The tutorial is viewable at http://www.cwi.nl/~steven/ixml/tutorial/
The slides at https://www.cwi.nl/~steven/Talks/2022/06-11-ixml/
A video at https://www.youtube.com/watch?v=_qo5CWEvYfs&t=18263s

Both times the attendees numbered around 70 (a mixture of live and online)

The current tutorial builds on experience of giving the tutorial twice, adapting material and exercises, and adjusting it to the final released version of the specification.

Tutorial material:

What materials will be provided to attendees of the tutorial? Are there any copyright issues?

The attendees will have access to the tutorial via the link for work in their own time after the conference. The tutorial contains worked examples of all exercises. There are no copyright issues.

Equipment:

Indicate any additional equipment needed (if any) in the room. The standard equipment includes an LCD projector, a single projection screen and microphones.

None.

Video teaser:

A Video teaser, up to 3 minutes, is required at the time of submission. The video can be hosted on any video sharing platform (e.g., YouTube) or any file sharing service (e.g., WeTransfer, Dropbox) and the link to the video MUST be included in the proposal.

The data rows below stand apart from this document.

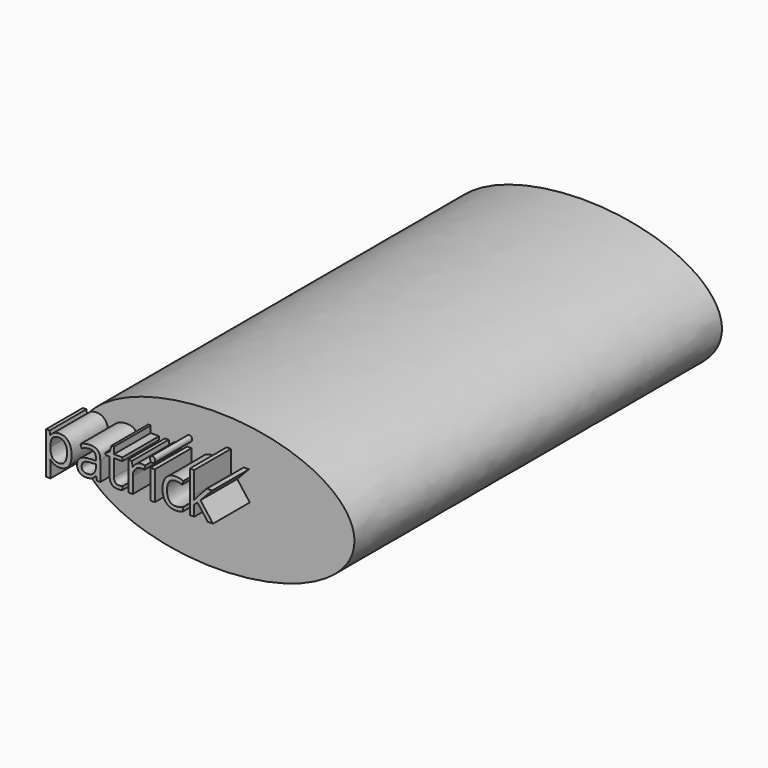
from build123d import *

# Parameters (mm, degrees)
F1_DEPTH     = 254
F2_TEXT_SIZE = 29.8952272
F3_DEPTH     = 25.4


# Not quite as in the source:
# - Text() gives the source's letters only with a copy of the font that has no kerning and outlines rounded to 1/6400 em; it was checked with that copy


with BuildPart() as f1:
    # F0 (on Front) → F1 (new body)
    with BuildSketch(Plane.XZ):
        with BuildLine():
            add(Edge.make_bspline(
                [(-76.3642266393, 0), (-76.3642266393, -66.0480758557), (38.1821133196, -33.0240379278), (152.7284532785, 0), (38.1821133196, 33.0240379278), (-76.3642266393, 66.0480758557), (-76.3642266393, 0)],
                knots=[0, 0, 0, 2.0943951024, 2.0943951024, 4.1887902048, 4.1887902048, 6.2831853072, 6.2831853072, 6.2831853072], degree=2, weights=[1, 0.5, 1, 0.5, 1, 0.5, 1]))
        make_face()
    extrude(amount=F1_DEPTH)

    # F2 (on face) → F3 (join)
    with BuildSketch(Plane.XZ.offset(254)):
        with Locations((-76.3642266393, 0)):
            Text('patrick', F2_TEXT_SIZE, font='Open Sans', text_align=(TextAlign.LEFT, TextAlign.BOTTOM))
    extrude(amount=F3_DEPTH)


solid = f1.part

May I propose you watch the first three minutes of https://www.youtube.com/watch?v=_qo5CWEvYfs&t=18263s

Organization details:

Tutorial organizers are required to provide a backup plan that overcomes the potential occurrence of technical problems, e.g., pre-recorded lectures, self-paced exercises. Please also describe how the tutorial will work in an online or hybrid setting. The tutorial presenter(s) will be responsible for making sure that the slides and any material needed for the tutorial are made available online in advance for attendees. For tutorials that introduce or use standards or software, the tutorial must be based on the latest version of the standards and software.

Both previous times, the tutorial was given hybrid. There is a pre-recorded version of the tutorial available (see above), and the slides are already online. The tutorial is based on the latest version of the standard. The tutorial is also designed for self-study use.